One of the myths we often encounter when discussing the cloud is that many people think it is, essentially, just storage.

Or more holistically, they can at most imagine it’s a virtualised data centre, sitting in somebody else’s facility.

If you want the values and benefits that the cloud can actually bring - such as scalability-on-demand, paying for only what you use, nearly unlimited capacity, and automated processes to make this all happen - your approach to thinking about the cloud has to be different.

The immediacy of how you can feel the effect of all of these benefits in your facility is striking. Having nearly unlimited storage is a really good value proposition on its own; but processing video in the cloud is also closing the gap between the infrastructure and the people who have to interact with it.

The advantages of cloud

It’s not about doing the same things you do with physical storage, it’s about looking at the cloud in a different way to understand how it is different and what advantages it brings.

Think about transcoding as an example; this is emerging as a powerful way to take advantage of cloud processing for video production workflows.

Currently, a media company or production team may capture dozens or even hundreds of hours of footage on a project. They probably bundle up all the tapes or disks, bring them down to the facility and buy the transcoding for a fee, either for quantity of footage or for equipment time used.

In the new cloud world, they could just ‘burst’ whatever spare capacity they need to acquire at that moment, without interrupting any of their broadcast processes.

Think also about transcoding huge amounts of UHD video. Does it make sense to rent one machine for a thousand hours, and get your job processed 42 days later?
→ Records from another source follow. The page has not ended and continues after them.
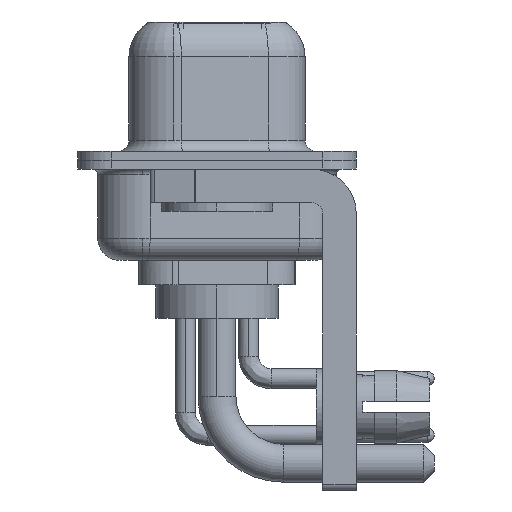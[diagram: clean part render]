
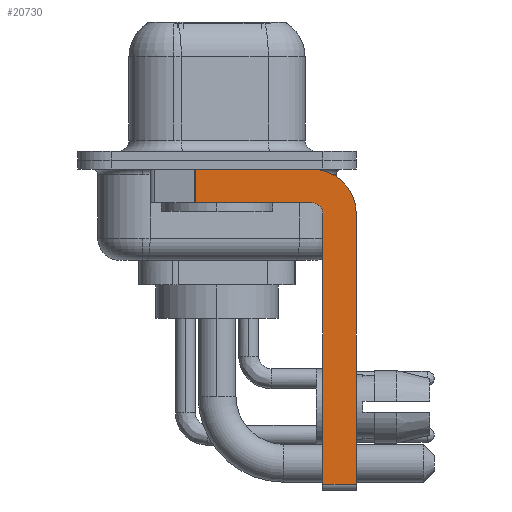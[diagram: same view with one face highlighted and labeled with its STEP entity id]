
A CAD part, left-side view. The second image highlights one B-rep face of the part: STEP entity #20730.
In plain terms, the highlighted planar face has unit normal (-1, 0, 0).
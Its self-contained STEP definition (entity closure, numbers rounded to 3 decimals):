
#192 = CARTESIAN_POINT ( 'NONE',  ( -2.9, -4.25, -14.55 ) ) ;
#275 = ORIENTED_EDGE ( 'NONE', *, *, #13390, .T. ) ;
#708 = EDGE_CURVE ( 'NONE', #15712, #11277, #21938, .T. ) ;
#1566 = DIRECTION ( 'NONE',  ( 0., 0., 1. ) ) ;
#1679 = VECTOR ( 'NONE', #1811, 1000. ) ;
#1811 = DIRECTION ( 'NONE',  ( 0., -1., 0. ) ) ;
#2014 = CARTESIAN_POINT ( 'NONE',  ( -2.9, -4.25, -0.4 ) ) ;
#2663 = DIRECTION ( 'NONE',  ( 0., 0., -1. ) ) ;
#3023 = EDGE_CURVE ( 'NONE', #9309, #11753, #17670, .T. ) ;
#3092 = AXIS2_PLACEMENT_3D ( 'NONE', #17721, #7418, #3556 ) ;
#3386 = CARTESIAN_POINT ( 'NONE',  ( -2.9, -4.75, -14.55 ) ) ;
#3556 = DIRECTION ( 'NONE',  ( 0., 0., -1. ) ) ;
#3631 = CARTESIAN_POINT ( 'NONE',  ( -2.9, 3., -0.4 ) ) ;
#3658 = ORIENTED_EDGE ( 'NONE', *, *, #12491, .F. ) ;
#4049 = ORIENTED_EDGE ( 'NONE', *, *, #12414, .F. ) ;
#4539 = LINE ( 'NONE', #16966, #9226 ) ;
#4756 = LINE ( 'NONE', #25006, #25345 ) ;
#5043 = VECTOR ( 'NONE', #21145, 1000. ) ;
#7005 = LINE ( 'NONE', #16652, #5043 ) ;
#7122 = ORIENTED_EDGE ( 'NONE', *, *, #708, .F. ) ;
#7418 = DIRECTION ( 'NONE',  ( 1., 0., 0. ) ) ;
#7694 = LINE ( 'NONE', #9934, #9129 ) ;
#8153 = ORIENTED_EDGE ( 'NONE', *, *, #3023, .F. ) ;
#8744 = ORIENTED_EDGE ( 'NONE', *, *, #11408, .F. ) ;
#9129 = VECTOR ( 'NONE', #1566, 1000. ) ;
#9226 = VECTOR ( 'NONE', #2663, 1000. ) ;
#9272 = CARTESIAN_POINT ( 'NONE',  ( -2.9, -6.25, -14.55 ) ) ;
#9309 = VERTEX_POINT ( 'NONE', #15911 ) ;
#9772 = DIRECTION ( 'NONE',  ( 0., 0., -1. ) ) ;
#9934 = CARTESIAN_POINT ( 'NONE',  ( -2.9, -4.75, -14.8 ) ) ;
#10220 = VERTEX_POINT ( 'NONE', #9272 ) ;
#10338 = VERTEX_POINT ( 'NONE', #22083 ) ;
#10547 = AXIS2_PLACEMENT_3D ( 'NONE', #18920, #17058, #23141 ) ;
#11037 = EDGE_CURVE ( 'NONE', #9309, #10338, #4539, .T. ) ;
#11277 = VERTEX_POINT ( 'NONE', #13346 ) ;
#11408 = EDGE_CURVE ( 'NONE', #11753, #16051, #15151, .T. ) ;
#11753 = VERTEX_POINT ( 'NONE', #2014 ) ;
#12414 = EDGE_CURVE ( 'NONE', #16051, #10220, #7005, .T. ) ;
#12491 = EDGE_CURVE ( 'NONE', #11277, #10338, #4756, .T. ) ;
#13346 = CARTESIAN_POINT ( 'NONE',  ( -2.9, -4.25, -1.9 ) ) ;
#13390 = EDGE_CURVE ( 'NONE', #16333, #10220, #16502, .T. ) ;
#15151 = CIRCLE ( 'NONE', #18519, 2. ) ;
#15712 = VERTEX_POINT ( 'NONE', #18963 ) ;
#15911 = CARTESIAN_POINT ( 'NONE',  ( -2.9, 0.978, -0.4 ) ) ;
#16051 = VERTEX_POINT ( 'NONE', #22338 ) ;
#16333 = VERTEX_POINT ( 'NONE', #3386 ) ;
#16502 = LINE ( 'NONE', #192, #1679 ) ;
#16652 = CARTESIAN_POINT ( 'NONE',  ( -2.9, -6.25, -2.4 ) ) ;
#16966 = CARTESIAN_POINT ( 'NONE',  ( -2.9, 0.978, -1.9 ) ) ;
#17058 = DIRECTION ( 'NONE',  ( -1., 0., 0. ) ) ;
#17401 = DIRECTION ( 'NONE',  ( 0., -1., 0. ) ) ;
#17670 = LINE ( 'NONE', #3631, #25952 ) ;
#17721 = CARTESIAN_POINT ( 'NONE',  ( -2.9, -4.25, -2.4 ) ) ;
#17927 = ORIENTED_EDGE ( 'NONE', *, *, #11037, .T. ) ;
#18519 = AXIS2_PLACEMENT_3D ( 'NONE', #26164, #26035, #9772 ) ;
#18920 = CARTESIAN_POINT ( 'NONE',  ( -2.9, -4.25, -2.4 ) ) ;
#18963 = CARTESIAN_POINT ( 'NONE',  ( -2.9, -4.75, -2.4 ) ) ;
#19828 = PLANE ( 'NONE',  #3092 ) ;
#20562 = ORIENTED_EDGE ( 'NONE', *, *, #22975, .F. ) ;
#20730 = ADVANCED_FACE ( 'NONE', ( #21823 ), #19828, .F. ) ;
#21145 = DIRECTION ( 'NONE',  ( 0., 0., -1. ) ) ;
#21823 = FACE_OUTER_BOUND ( 'NONE', #22526, .T. ) ;
#21938 = CIRCLE ( 'NONE', #10547, 0.5 ) ;
#22083 = CARTESIAN_POINT ( 'NONE',  ( -2.9, 0.978, -1.9 ) ) ;
#22338 = CARTESIAN_POINT ( 'NONE',  ( -2.9, -6.25, -2.4 ) ) ;
#22526 = EDGE_LOOP ( 'NONE', ( #8153, #17927, #3658, #7122, #20562, #275, #4049, #8744 ) ) ;
#22975 = EDGE_CURVE ( 'NONE', #16333, #15712, #7694, .T. ) ;
#23141 = DIRECTION ( 'NONE',  ( 0., 0., 1. ) ) ;
#25006 = CARTESIAN_POINT ( 'NONE',  ( -2.9, -4.25, -1.9 ) ) ;
#25345 = VECTOR ( 'NONE', #25795, 1000. ) ;
#25795 = DIRECTION ( 'NONE',  ( 0., 1., 0. ) ) ;
#25952 = VECTOR ( 'NONE', #17401, 1000. ) ;
#26035 = DIRECTION ( 'NONE',  ( 1., 0., 0. ) ) ;
#26164 = CARTESIAN_POINT ( 'NONE',  ( -2.9, -4.25, -2.4 ) ) ;

Or instead, rent one hour of a thousand Amazon AWS compute units processing concurrently?

“It’s not about doing the same things you do with physical storage, it’s about looking at the cloud in a different way to understand how it is different and what advantages it brings”

These types of models are where the cloud really starts to come into its own as an on-demand, additional facility for the customer to move forward. You can easily see the massive benefit to your workflow with just these examples – but it does require you to think about your processes differently first.

While we’re confident that cloud processing will become mainstream with its incredibly fast performance, capacity and efficiency, a point of frustration will continue to be moving media there from its point of production.

You’ve got to think differently, and those who do become more agile, gain the benefits, and move into the future.

This article was first published at IBC2016.

The views expressed are those of the author.